**Work request**:
Every line in the data below from the one containing "#85=CARTESIAN_POINT('',(50.1198139999998,11.226505,0.001));" down to the one containing "#118=VERTEX_POINT('',#117);", both included, must be retyped exactly; no other line is to appear.

Recorded data
::::

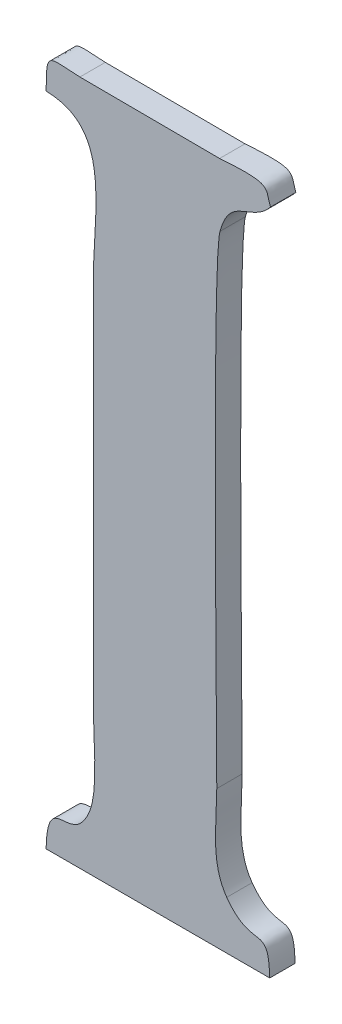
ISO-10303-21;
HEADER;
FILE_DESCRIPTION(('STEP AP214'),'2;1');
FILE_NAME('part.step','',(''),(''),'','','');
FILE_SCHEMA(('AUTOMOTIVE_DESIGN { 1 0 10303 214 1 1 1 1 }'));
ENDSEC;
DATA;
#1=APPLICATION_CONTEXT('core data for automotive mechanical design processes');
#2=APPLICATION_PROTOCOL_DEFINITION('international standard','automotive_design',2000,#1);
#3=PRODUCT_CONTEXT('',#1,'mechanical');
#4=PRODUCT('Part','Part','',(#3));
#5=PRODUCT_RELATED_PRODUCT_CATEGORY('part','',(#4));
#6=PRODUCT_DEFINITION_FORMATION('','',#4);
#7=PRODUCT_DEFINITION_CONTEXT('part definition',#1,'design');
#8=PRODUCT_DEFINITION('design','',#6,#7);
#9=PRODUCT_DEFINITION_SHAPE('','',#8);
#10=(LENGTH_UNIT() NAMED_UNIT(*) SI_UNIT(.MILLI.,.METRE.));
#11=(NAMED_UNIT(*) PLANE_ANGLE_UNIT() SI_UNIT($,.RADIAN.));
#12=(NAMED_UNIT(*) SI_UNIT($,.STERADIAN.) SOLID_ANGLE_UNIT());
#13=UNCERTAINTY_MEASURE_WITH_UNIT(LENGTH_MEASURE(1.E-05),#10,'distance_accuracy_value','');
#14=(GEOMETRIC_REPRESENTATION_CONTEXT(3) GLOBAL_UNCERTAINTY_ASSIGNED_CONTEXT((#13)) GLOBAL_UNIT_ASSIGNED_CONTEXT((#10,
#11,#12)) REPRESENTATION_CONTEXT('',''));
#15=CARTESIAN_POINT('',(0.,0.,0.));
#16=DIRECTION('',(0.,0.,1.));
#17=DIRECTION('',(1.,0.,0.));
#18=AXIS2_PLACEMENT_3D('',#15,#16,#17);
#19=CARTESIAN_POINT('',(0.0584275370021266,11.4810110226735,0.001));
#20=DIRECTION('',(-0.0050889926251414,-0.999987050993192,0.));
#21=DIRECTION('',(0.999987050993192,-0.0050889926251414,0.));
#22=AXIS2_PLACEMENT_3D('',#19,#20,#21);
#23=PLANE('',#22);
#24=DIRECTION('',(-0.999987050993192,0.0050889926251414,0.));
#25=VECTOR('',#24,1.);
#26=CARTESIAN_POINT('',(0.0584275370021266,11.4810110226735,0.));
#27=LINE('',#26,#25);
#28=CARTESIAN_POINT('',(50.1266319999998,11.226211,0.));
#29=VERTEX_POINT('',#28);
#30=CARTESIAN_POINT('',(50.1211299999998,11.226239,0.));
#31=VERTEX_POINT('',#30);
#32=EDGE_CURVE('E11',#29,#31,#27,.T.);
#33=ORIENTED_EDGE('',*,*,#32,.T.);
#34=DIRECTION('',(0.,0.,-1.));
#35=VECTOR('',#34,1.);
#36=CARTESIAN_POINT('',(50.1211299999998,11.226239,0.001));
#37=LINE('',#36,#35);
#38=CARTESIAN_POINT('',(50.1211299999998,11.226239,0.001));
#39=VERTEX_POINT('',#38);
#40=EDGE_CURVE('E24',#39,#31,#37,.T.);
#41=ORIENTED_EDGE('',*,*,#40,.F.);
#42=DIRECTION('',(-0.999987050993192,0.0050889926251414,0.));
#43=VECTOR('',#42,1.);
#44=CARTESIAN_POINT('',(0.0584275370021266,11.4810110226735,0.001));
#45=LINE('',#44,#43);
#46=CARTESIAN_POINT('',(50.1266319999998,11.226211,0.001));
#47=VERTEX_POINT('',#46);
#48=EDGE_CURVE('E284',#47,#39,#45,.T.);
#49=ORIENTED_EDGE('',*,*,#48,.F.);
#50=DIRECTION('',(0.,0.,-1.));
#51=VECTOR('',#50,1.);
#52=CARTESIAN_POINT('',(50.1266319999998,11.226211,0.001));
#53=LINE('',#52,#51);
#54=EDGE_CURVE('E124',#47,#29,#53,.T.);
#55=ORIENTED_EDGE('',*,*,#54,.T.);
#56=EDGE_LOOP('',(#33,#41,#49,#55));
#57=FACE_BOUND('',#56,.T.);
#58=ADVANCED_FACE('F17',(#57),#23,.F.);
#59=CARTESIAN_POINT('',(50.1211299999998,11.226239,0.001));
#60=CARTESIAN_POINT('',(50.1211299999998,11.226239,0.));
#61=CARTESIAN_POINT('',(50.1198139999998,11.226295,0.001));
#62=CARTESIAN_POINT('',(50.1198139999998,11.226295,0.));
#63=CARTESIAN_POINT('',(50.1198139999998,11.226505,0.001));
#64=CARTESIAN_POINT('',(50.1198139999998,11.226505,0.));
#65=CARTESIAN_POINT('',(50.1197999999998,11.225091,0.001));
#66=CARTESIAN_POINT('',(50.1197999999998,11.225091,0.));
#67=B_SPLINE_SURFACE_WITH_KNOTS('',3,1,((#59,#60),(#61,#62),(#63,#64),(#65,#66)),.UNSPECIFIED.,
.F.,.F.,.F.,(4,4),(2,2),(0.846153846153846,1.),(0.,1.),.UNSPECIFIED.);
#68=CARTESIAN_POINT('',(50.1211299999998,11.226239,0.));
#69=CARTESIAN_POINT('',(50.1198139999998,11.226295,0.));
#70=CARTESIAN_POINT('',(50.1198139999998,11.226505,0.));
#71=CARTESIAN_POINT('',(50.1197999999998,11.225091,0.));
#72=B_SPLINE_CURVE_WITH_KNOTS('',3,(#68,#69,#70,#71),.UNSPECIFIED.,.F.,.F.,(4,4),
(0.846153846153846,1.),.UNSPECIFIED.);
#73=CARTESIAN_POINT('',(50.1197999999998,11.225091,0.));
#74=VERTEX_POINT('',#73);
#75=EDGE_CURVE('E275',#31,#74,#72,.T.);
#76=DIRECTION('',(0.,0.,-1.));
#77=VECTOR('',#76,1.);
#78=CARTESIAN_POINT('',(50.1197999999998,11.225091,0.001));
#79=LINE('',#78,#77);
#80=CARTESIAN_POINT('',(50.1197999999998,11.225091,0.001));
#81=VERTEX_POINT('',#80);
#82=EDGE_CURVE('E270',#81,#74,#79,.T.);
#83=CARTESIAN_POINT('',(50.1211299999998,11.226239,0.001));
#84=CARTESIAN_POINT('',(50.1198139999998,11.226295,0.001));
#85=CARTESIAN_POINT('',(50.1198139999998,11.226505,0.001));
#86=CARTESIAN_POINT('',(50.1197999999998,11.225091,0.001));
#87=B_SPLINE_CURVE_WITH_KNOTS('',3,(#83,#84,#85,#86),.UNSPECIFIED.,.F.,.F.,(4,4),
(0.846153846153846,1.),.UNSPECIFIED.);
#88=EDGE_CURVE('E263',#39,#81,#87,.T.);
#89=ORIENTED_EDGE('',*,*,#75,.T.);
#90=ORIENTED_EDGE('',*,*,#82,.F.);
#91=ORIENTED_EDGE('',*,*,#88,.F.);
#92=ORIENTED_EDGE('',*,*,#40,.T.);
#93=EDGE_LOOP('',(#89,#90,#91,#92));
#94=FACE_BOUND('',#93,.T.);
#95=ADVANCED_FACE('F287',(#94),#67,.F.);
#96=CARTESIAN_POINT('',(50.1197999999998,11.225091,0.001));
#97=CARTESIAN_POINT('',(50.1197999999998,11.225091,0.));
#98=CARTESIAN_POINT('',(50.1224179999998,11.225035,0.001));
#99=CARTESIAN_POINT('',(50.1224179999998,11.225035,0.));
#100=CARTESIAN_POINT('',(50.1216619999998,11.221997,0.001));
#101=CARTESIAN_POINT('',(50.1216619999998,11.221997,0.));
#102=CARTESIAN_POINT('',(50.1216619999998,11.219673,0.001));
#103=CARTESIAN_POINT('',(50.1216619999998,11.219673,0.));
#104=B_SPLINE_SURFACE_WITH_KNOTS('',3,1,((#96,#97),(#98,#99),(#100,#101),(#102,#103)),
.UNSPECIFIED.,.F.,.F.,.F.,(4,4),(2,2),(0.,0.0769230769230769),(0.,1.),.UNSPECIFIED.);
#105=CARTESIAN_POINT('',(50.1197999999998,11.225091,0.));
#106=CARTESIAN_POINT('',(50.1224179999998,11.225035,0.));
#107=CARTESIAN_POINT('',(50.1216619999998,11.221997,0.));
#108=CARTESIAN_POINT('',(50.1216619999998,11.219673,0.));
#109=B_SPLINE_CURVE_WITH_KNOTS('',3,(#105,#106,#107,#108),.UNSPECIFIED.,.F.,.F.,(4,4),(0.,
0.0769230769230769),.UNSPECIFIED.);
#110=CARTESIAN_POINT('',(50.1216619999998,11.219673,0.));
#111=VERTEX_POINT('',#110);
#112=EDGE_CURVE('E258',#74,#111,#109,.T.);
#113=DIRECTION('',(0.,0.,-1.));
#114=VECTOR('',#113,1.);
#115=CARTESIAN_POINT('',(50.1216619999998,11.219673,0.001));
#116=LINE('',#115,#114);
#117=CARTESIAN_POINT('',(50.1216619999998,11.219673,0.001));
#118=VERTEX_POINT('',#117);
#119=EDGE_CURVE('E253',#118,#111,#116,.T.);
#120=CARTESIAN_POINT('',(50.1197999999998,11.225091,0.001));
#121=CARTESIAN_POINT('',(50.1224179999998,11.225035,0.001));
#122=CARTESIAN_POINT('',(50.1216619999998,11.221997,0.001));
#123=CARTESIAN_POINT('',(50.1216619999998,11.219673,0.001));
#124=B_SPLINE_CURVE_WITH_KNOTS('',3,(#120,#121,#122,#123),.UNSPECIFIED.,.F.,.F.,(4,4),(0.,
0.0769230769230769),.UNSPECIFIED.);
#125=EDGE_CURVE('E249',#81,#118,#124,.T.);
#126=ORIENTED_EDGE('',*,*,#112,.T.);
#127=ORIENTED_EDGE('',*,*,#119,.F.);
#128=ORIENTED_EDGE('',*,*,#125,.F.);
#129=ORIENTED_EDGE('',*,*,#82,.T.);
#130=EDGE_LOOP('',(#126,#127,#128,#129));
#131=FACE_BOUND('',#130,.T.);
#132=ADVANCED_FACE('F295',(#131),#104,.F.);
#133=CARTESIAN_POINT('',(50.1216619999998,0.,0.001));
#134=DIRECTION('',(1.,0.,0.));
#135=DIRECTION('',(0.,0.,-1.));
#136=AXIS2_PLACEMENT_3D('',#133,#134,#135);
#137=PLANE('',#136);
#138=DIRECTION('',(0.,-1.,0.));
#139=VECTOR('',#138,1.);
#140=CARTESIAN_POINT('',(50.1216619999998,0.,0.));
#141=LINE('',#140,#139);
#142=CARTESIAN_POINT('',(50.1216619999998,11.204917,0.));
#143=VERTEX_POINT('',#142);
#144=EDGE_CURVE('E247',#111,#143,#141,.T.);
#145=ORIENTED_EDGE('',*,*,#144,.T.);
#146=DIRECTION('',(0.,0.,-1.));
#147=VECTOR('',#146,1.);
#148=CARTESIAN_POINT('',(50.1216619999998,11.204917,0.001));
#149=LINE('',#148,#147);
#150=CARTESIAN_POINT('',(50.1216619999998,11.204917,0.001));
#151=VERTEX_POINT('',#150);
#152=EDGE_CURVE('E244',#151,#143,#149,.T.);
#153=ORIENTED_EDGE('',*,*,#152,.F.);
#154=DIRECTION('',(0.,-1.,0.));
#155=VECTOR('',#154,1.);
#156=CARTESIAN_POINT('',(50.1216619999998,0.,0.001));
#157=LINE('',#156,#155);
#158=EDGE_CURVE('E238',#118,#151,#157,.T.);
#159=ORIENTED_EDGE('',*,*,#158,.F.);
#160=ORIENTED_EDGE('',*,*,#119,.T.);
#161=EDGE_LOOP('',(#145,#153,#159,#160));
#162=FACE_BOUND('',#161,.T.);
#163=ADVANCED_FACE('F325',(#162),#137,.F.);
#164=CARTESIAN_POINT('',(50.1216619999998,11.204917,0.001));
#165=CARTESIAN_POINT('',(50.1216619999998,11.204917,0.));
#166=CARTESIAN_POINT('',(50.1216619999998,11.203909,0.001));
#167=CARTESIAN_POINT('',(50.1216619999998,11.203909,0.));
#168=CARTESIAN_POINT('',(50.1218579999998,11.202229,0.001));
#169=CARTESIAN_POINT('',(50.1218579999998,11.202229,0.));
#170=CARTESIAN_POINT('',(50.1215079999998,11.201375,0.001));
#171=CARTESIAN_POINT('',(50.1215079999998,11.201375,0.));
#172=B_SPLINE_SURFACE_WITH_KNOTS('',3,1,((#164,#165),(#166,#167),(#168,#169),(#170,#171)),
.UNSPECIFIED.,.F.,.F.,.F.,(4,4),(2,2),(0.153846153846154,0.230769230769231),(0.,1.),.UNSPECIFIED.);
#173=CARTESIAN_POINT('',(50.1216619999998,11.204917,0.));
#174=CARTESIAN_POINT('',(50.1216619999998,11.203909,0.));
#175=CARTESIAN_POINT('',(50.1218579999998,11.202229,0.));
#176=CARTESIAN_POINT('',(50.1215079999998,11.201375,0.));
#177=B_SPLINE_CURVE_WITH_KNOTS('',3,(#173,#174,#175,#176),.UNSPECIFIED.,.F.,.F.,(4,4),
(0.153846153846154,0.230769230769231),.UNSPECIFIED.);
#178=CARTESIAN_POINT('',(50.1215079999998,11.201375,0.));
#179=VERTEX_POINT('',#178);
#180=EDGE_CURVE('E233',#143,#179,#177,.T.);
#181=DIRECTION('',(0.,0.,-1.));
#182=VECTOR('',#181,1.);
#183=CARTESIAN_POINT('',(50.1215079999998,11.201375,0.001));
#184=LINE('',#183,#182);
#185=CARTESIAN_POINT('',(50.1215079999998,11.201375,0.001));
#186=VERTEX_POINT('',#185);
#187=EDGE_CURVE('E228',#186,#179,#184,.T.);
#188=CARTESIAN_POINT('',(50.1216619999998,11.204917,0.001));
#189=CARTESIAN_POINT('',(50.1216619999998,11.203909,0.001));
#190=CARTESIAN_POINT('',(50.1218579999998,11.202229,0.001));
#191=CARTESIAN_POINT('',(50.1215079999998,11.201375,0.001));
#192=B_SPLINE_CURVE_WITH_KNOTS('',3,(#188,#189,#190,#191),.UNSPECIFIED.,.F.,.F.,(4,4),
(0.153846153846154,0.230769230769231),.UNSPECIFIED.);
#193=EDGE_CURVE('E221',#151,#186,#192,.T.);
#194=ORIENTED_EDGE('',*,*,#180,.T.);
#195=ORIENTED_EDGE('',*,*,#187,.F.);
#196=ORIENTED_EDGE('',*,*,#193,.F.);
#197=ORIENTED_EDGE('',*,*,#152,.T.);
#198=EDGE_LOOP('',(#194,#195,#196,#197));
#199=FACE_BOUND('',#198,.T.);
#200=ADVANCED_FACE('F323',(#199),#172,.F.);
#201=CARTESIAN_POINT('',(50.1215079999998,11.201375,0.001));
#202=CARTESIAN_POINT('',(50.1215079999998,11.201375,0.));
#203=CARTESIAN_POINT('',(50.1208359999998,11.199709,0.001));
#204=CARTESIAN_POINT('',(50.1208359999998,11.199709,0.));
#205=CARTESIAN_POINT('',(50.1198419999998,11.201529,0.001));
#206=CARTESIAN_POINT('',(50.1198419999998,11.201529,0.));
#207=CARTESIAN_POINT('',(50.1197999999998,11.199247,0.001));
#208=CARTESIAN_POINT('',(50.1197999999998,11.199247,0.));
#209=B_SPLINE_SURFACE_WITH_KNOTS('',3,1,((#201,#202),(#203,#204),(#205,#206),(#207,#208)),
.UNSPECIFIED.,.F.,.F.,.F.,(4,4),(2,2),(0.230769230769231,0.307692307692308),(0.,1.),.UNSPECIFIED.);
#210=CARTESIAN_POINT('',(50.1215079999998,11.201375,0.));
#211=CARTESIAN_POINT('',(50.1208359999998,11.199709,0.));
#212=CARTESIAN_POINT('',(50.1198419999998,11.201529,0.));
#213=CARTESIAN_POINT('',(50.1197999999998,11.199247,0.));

::::

**Task solution**:
#85=CARTESIAN_POINT('',(50.1198139999998,11.226505,0.001));
#86=CARTESIAN_POINT('',(50.1197999999998,11.225091,0.001));
#87=B_SPLINE_CURVE_WITH_KNOTS('',3,(#83,#84,#85,#86),.UNSPECIFIED.,.F.,.F.,(4,4),
(0.846153846153846,1.),.UNSPECIFIED.);
#88=EDGE_CURVE('E263',#39,#81,#87,.T.);
#89=ORIENTED_EDGE('',*,*,#75,.T.);
#90=ORIENTED_EDGE('',*,*,#82,.F.);
#91=ORIENTED_EDGE('',*,*,#88,.F.);
#92=ORIENTED_EDGE('',*,*,#40,.T.);
#93=EDGE_LOOP('',(#89,#90,#91,#92));
#94=FACE_BOUND('',#93,.T.);
#95=ADVANCED_FACE('F287',(#94),#67,.F.);
#96=CARTESIAN_POINT('',(50.1197999999998,11.225091,0.001));
#97=CARTESIAN_POINT('',(50.1197999999998,11.225091,0.));
#98=CARTESIAN_POINT('',(50.1224179999998,11.225035,0.001));
#99=CARTESIAN_POINT('',(50.1224179999998,11.225035,0.));
#100=CARTESIAN_POINT('',(50.1216619999998,11.221997,0.001));
#101=CARTESIAN_POINT('',(50.1216619999998,11.221997,0.));
#102=CARTESIAN_POINT('',(50.1216619999998,11.219673,0.001));
#103=CARTESIAN_POINT('',(50.1216619999998,11.219673,0.));
#104=B_SPLINE_SURFACE_WITH_KNOTS('',3,1,((#96,#97),(#98,#99),(#100,#101),(#102,#103)),
.UNSPECIFIED.,.F.,.F.,.F.,(4,4),(2,2),(0.,0.0769230769230769),(0.,1.),.UNSPECIFIED.);
#105=CARTESIAN_POINT('',(50.1197999999998,11.225091,0.));
#106=CARTESIAN_POINT('',(50.1224179999998,11.225035,0.));
#107=CARTESIAN_POINT('',(50.1216619999998,11.221997,0.));
#108=CARTESIAN_POINT('',(50.1216619999998,11.219673,0.));
#109=B_SPLINE_CURVE_WITH_KNOTS('',3,(#105,#106,#107,#108),.UNSPECIFIED.,.F.,.F.,(4,4),(0.,
0.0769230769230769),.UNSPECIFIED.);
#110=CARTESIAN_POINT('',(50.1216619999998,11.219673,0.));
#111=VERTEX_POINT('',#110);
#112=EDGE_CURVE('E258',#74,#111,#109,.T.);
#113=DIRECTION('',(0.,0.,-1.));
#114=VECTOR('',#113,1.);
#115=CARTESIAN_POINT('',(50.1216619999998,11.219673,0.001));
#116=LINE('',#115,#114);
#117=CARTESIAN_POINT('',(50.1216619999998,11.219673,0.001));
#118=VERTEX_POINT('',#117);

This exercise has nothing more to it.